◆ DATASET ENTRIES
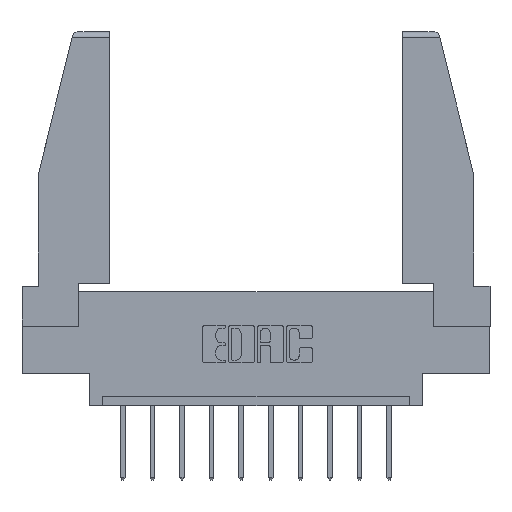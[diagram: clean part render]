
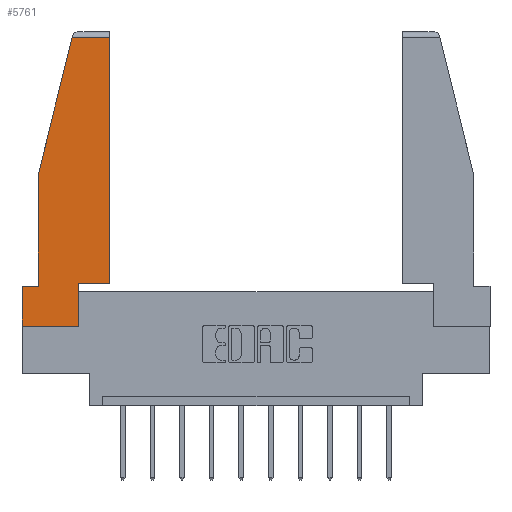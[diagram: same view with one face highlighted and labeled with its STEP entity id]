
A CAD part, top view. The second image highlights one B-rep face of the part: STEP entity #5761.
In plain terms, the highlighted planar face has unit normal (0, 0, 1).
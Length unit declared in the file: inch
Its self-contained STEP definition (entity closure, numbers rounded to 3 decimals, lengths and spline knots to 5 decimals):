
#989 = CARTESIAN_POINT ( 'NONE',  ( 0.297, 0.223, 0. ) ) ;
#1225 = VERTEX_POINT ( 'NONE', #2721 ) ;
#1326 = VECTOR ( 'NONE', #6551, 39.37008 ) ;
#1345 = VERTEX_POINT ( 'NONE', #2670 ) ;
#1364 = CARTESIAN_POINT ( 'NONE',  ( 0.086, 0.8, 0. ) ) ;
#1493 = CARTESIAN_POINT ( 'NONE',  ( 0.461, 1.52, 0. ) ) ;
#1794 = VERTEX_POINT ( 'NONE', #11847 ) ;
#1990 = DIRECTION ( 'NONE',  ( 0., 0., 1. ) ) ;
#2046 = DIRECTION ( 'NONE',  ( 0., 1., 0. ) ) ;
#2149 = EDGE_CURVE ( 'NONE', #1794, #11882, #4278, .T. ) ;
#2572 = ORIENTED_EDGE ( 'NONE', *, *, #11995, .T. ) ;
#2670 = CARTESIAN_POINT ( 'NONE',  ( 0.086, 0.8, 0. ) ) ;
#2721 = CARTESIAN_POINT ( 'NONE',  ( 0.297, 0., 0. ) ) ;
#2876 = VERTEX_POINT ( 'NONE', #12322 ) ;
#3236 = CARTESIAN_POINT ( 'NONE',  ( 0.297, 0., 0. ) ) ;
#3289 = CARTESIAN_POINT ( 'NONE',  ( 0.2636, 1.52, 0. ) ) ;
#3560 = DIRECTION ( 'NONE',  ( 0., -1., 0. ) ) ;
#3693 = EDGE_CURVE ( 'NONE', #1345, #10716, #8907, .T. ) ;
#3926 = LINE ( 'NONE', #10433, #13052 ) ;
#4198 = ORIENTED_EDGE ( 'NONE', *, *, #7139, .T. ) ;
#4278 = LINE ( 'NONE', #12956, #12543 ) ;
#4382 = VECTOR ( 'NONE', #12105, 39.37008 ) ;
#4976 = DIRECTION ( 'NONE',  ( 1., 0., 0. ) ) ;
#5018 = EDGE_LOOP ( 'NONE', ( #7360, #4198, #9499, #5376, #2572, #13076, #5019, #9013, #6322 ) ) ;
#5019 = ORIENTED_EDGE ( 'NONE', *, *, #8032, .T. ) ;
#5242 = VECTOR ( 'NONE', #6693, 39.37008 ) ;
#5268 = LINE ( 'NONE', #3236, #1326 ) ;
#5376 = ORIENTED_EDGE ( 'NONE', *, *, #3693, .T. ) ;
#5607 = CARTESIAN_POINT ( 'NONE',  ( 0.086, 0.21, 0. ) ) ;
#5633 = CARTESIAN_POINT ( 'NONE',  ( 0., 0., 0. ) ) ;
#5753 = VERTEX_POINT ( 'NONE', #989 ) ;
#5761 = ADVANCED_FACE ( 'NONE', ( #5980 ), #8636, .T. ) ;
#5980 = FACE_OUTER_BOUND ( 'NONE', #5018, .T. ) ;
#6121 = LINE ( 'NONE', #6585, #4382 ) ;
#6322 = ORIENTED_EDGE ( 'NONE', *, *, #8515, .T. ) ;
#6410 = CARTESIAN_POINT ( 'NONE',  ( 0., 0., 0. ) ) ;
#6551 = DIRECTION ( 'NONE',  ( 0., 1., 0. ) ) ;
#6585 = CARTESIAN_POINT ( 'NONE',  ( 0., 0.21, 0. ) ) ;
#6693 = DIRECTION ( 'NONE',  ( 1., 0., 0. ) ) ;
#7139 = EDGE_CURVE ( 'NONE', #11882, #11531, #8344, .T. ) ;
#7346 = DIRECTION ( 'NONE',  ( -1., 0., 0. ) ) ;
#7360 = ORIENTED_EDGE ( 'NONE', *, *, #2149, .T. ) ;
#7481 = DIRECTION ( 'NONE',  ( -1., 0., 0. ) ) ;
#7608 = CARTESIAN_POINT ( 'NONE',  ( 0., 0.21, 0. ) ) ;
#7647 = VECTOR ( 'NONE', #7481, 39.37008 ) ;
#7658 = AXIS2_PLACEMENT_3D ( 'NONE', #6410, #1990, #9792 ) ;
#8032 = EDGE_CURVE ( 'NONE', #2876, #1225, #10049, .T. ) ;
#8344 = LINE ( 'NONE', #12875, #7647 ) ;
#8515 = EDGE_CURVE ( 'NONE', #5753, #1794, #9746, .T. ) ;
#8636 = PLANE ( 'NONE',  #7658 ) ;
#8907 = LINE ( 'NONE', #1364, #9937 ) ;
#9013 = ORIENTED_EDGE ( 'NONE', *, *, #13378, .T. ) ;
#9056 = VECTOR ( 'NONE', #4976, 39.37008 ) ;
#9499 = ORIENTED_EDGE ( 'NONE', *, *, #12686, .T. ) ;
#9746 = LINE ( 'NONE', #10564, #9056 ) ;
#9792 = DIRECTION ( 'NONE',  ( 1., 0., 0. ) ) ;
#9937 = VECTOR ( 'NONE', #3560, 39.37008 ) ;
#10049 = LINE ( 'NONE', #5633, #5242 ) ;
#10433 = CARTESIAN_POINT ( 'NONE',  ( 0., 0.21, 0. ) ) ;
#10564 = CARTESIAN_POINT ( 'NONE',  ( 0.297, 0.223, 0. ) ) ;
#10694 = CARTESIAN_POINT ( 'NONE',  ( 0.271, 1.55, 0. ) ) ;
#10716 = VERTEX_POINT ( 'NONE', #5607 ) ;
#11531 = VERTEX_POINT ( 'NONE', #3289 ) ;
#11647 = DIRECTION ( 'NONE',  ( -0.239, -0.971, 0. ) ) ;
#11807 = VECTOR ( 'NONE', #11647, 39.37008 ) ;
#11847 = CARTESIAN_POINT ( 'NONE',  ( 0.461, 0.223, 0. ) ) ;
#11882 = VERTEX_POINT ( 'NONE', #1493 ) ;
#11995 = EDGE_CURVE ( 'NONE', #10716, #13419, #3926, .T. ) ;
#12105 = DIRECTION ( 'NONE',  ( 0., -1., 0. ) ) ;
#12322 = CARTESIAN_POINT ( 'NONE',  ( 0., 0., 0. ) ) ;
#12543 = VECTOR ( 'NONE', #2046, 39.37008 ) ;
#12686 = EDGE_CURVE ( 'NONE', #11531, #1345, #12702, .T. ) ;
#12702 = LINE ( 'NONE', #10694, #11807 ) ;
#12875 = CARTESIAN_POINT ( 'NONE',  ( 0., 1.52, 0. ) ) ;
#12956 = CARTESIAN_POINT ( 'NONE',  ( 0.461, 0.223, 0. ) ) ;
#13052 = VECTOR ( 'NONE', #7346, 39.37008 ) ;
#13076 = ORIENTED_EDGE ( 'NONE', *, *, #13999, .T. ) ;
#13378 = EDGE_CURVE ( 'NONE', #1225, #5753, #5268, .T. ) ;
#13419 = VERTEX_POINT ( 'NONE', #7608 ) ;
#13999 = EDGE_CURVE ( 'NONE', #13419, #2876, #6121, .T. ) ;

◆ PROBLEM REQUIREMENTS
Your copy must reproduce the entries above in full, without their pictures.

◆ SOLUTION BELOW
[diagram: clean part render]
[diagram: same view with one face highlighted and labeled with its STEP entity id]
A CAD part, top view. The second image highlights one B-rep face of the part: STEP entity #5761.
In plain terms, the highlighted planar face has unit normal (0, 0, 1).
Length unit declared in the file: inch
Its self-contained STEP definition (entity closure, numbers rounded to 3 decimals, lengths and spline knots to 5 decimals):
#989 = CARTESIAN_POINT ( 'NONE',  ( 0.297, 0.223, 0. ) ) ;
#1225 = VERTEX_POINT ( 'NONE', #2721 ) ;
#1326 = VECTOR ( 'NONE', #6551, 39.37008 ) ;
#1345 = VERTEX_POINT ( 'NONE', #2670 ) ;
#1364 = CARTESIAN_POINT ( 'NONE',  ( 0.086, 0.8, 0. ) ) ;
#1493 = CARTESIAN_POINT ( 'NONE',  ( 0.461, 1.52, 0. ) ) ;
#1794 = VERTEX_POINT ( 'NONE', #11847 ) ;
#1990 = DIRECTION ( 'NONE',  ( 0., 0., 1. ) ) ;
#2046 = DIRECTION ( 'NONE',  ( 0., 1., 0. ) ) ;
#2149 = EDGE_CURVE ( 'NONE', #1794, #11882, #4278, .T. ) ;
#2572 = ORIENTED_EDGE ( 'NONE', *, *, #11995, .T. ) ;
#2670 = CARTESIAN_POINT ( 'NONE',  ( 0.086, 0.8, 0. ) ) ;
#2721 = CARTESIAN_POINT ( 'NONE',  ( 0.297, 0., 0. ) ) ;
#2876 = VERTEX_POINT ( 'NONE', #12322 ) ;
#3236 = CARTESIAN_POINT ( 'NONE',  ( 0.297, 0., 0. ) ) ;
#3289 = CARTESIAN_POINT ( 'NONE',  ( 0.2636, 1.52, 0. ) ) ;
#3560 = DIRECTION ( 'NONE',  ( 0., -1., 0. ) ) ;
#3693 = EDGE_CURVE ( 'NONE', #1345, #10716, #8907, .T. ) ;
#3926 = LINE ( 'NONE', #10433, #13052 ) ;
#4198 = ORIENTED_EDGE ( 'NONE', *, *, #7139, .T. ) ;
#4278 = LINE ( 'NONE', #12956, #12543 ) ;
#4382 = VECTOR ( 'NONE', #12105, 39.37008 ) ;
#4976 = DIRECTION ( 'NONE',  ( 1., 0., 0. ) ) ;
#5018 = EDGE_LOOP ( 'NONE', ( #7360, #4198, #9499, #5376, #2572, #13076, #5019, #9013, #6322 ) ) ;
#5019 = ORIENTED_EDGE ( 'NONE', *, *, #8032, .T. ) ;
#5242 = VECTOR ( 'NONE', #6693, 39.37008 ) ;
#5268 = LINE ( 'NONE', #3236, #1326 ) ;
#5376 = ORIENTED_EDGE ( 'NONE', *, *, #3693, .T. ) ;
#5607 = CARTESIAN_POINT ( 'NONE',  ( 0.086, 0.21, 0. ) ) ;
#5633 = CARTESIAN_POINT ( 'NONE',  ( 0., 0., 0. ) ) ;
#5753 = VERTEX_POINT ( 'NONE', #989 ) ;
#5761 = ADVANCED_FACE ( 'NONE', ( #5980 ), #8636, .T. ) ;
#5980 = FACE_OUTER_BOUND ( 'NONE', #5018, .T. ) ;
#6121 = LINE ( 'NONE', #6585, #4382 ) ;
#6322 = ORIENTED_EDGE ( 'NONE', *, *, #8515, .T. ) ;
#6410 = CARTESIAN_POINT ( 'NONE',  ( 0., 0., 0. ) ) ;
#6551 = DIRECTION ( 'NONE',  ( 0., 1., 0. ) ) ;
#6585 = CARTESIAN_POINT ( 'NONE',  ( 0., 0.21, 0. ) ) ;
#6693 = DIRECTION ( 'NONE',  ( 1., 0., 0. ) ) ;
#7139 = EDGE_CURVE ( 'NONE', #11882, #11531, #8344, .T. ) ;
#7346 = DIRECTION ( 'NONE',  ( -1., 0., 0. ) ) ;
#7360 = ORIENTED_EDGE ( 'NONE', *, *, #2149, .T. ) ;
#7481 = DIRECTION ( 'NONE',  ( -1., 0., 0. ) ) ;
#7608 = CARTESIAN_POINT ( 'NONE',  ( 0., 0.21, 0. ) ) ;
#7647 = VECTOR ( 'NONE', #7481, 39.37008 ) ;
#7658 = AXIS2_PLACEMENT_3D ( 'NONE', #6410, #1990, #9792 ) ;
#8032 = EDGE_CURVE ( 'NONE', #2876, #1225, #10049, .T. ) ;
#8344 = LINE ( 'NONE', #12875, #7647 ) ;
#8515 = EDGE_CURVE ( 'NONE', #5753, #1794, #9746, .T. ) ;
#8636 = PLANE ( 'NONE',  #7658 ) ;
#8907 = LINE ( 'NONE', #1364, #9937 ) ;
#9013 = ORIENTED_EDGE ( 'NONE', *, *, #13378, .T. ) ;
#9056 = VECTOR ( 'NONE', #4976, 39.37008 ) ;
#9499 = ORIENTED_EDGE ( 'NONE', *, *, #12686, .T. ) ;
#9746 = LINE ( 'NONE', #10564, #9056 ) ;
#9792 = DIRECTION ( 'NONE',  ( 1., 0., 0. ) ) ;
#9937 = VECTOR ( 'NONE', #3560, 39.37008 ) ;
#10049 = LINE ( 'NONE', #5633, #5242 ) ;
#10433 = CARTESIAN_POINT ( 'NONE',  ( 0., 0.21, 0. ) ) ;
#10564 = CARTESIAN_POINT ( 'NONE',  ( 0.297, 0.223, 0. ) ) ;
#10694 = CARTESIAN_POINT ( 'NONE',  ( 0.271, 1.55, 0. ) ) ;
#10716 = VERTEX_POINT ( 'NONE', #5607 ) ;
#11531 = VERTEX_POINT ( 'NONE', #3289 ) ;
#11647 = DIRECTION ( 'NONE',  ( -0.239, -0.971, 0. ) ) ;
#11807 = VECTOR ( 'NONE', #11647, 39.37008 ) ;
#11847 = CARTESIAN_POINT ( 'NONE',  ( 0.461, 0.223, 0. ) ) ;
#11882 = VERTEX_POINT ( 'NONE', #1493 ) ;
#11995 = EDGE_CURVE ( 'NONE', #10716, #13419, #3926, .T. ) ;
#12105 = DIRECTION ( 'NONE',  ( 0., -1., 0. ) ) ;
#12322 = CARTESIAN_POINT ( 'NONE',  ( 0., 0., 0. ) ) ;
#12543 = VECTOR ( 'NONE', #2046, 39.37008 ) ;
#12686 = EDGE_CURVE ( 'NONE', #11531, #1345, #12702, .T. ) ;
#12702 = LINE ( 'NONE', #10694, #11807 ) ;
#12875 = CARTESIAN_POINT ( 'NONE',  ( 0., 1.52, 0. ) ) ;
#12956 = CARTESIAN_POINT ( 'NONE',  ( 0.461, 0.223, 0. ) ) ;
#13052 = VECTOR ( 'NONE', #7346, 39.37008 ) ;
#13076 = ORIENTED_EDGE ( 'NONE', *, *, #13999, .T. ) ;
#13378 = EDGE_CURVE ( 'NONE', #1225, #5753, #5268, .T. ) ;
#13419 = VERTEX_POINT ( 'NONE', #7608 ) ;
#13999 = EDGE_CURVE ( 'NONE', #13419, #2876, #6121, .T. ) ;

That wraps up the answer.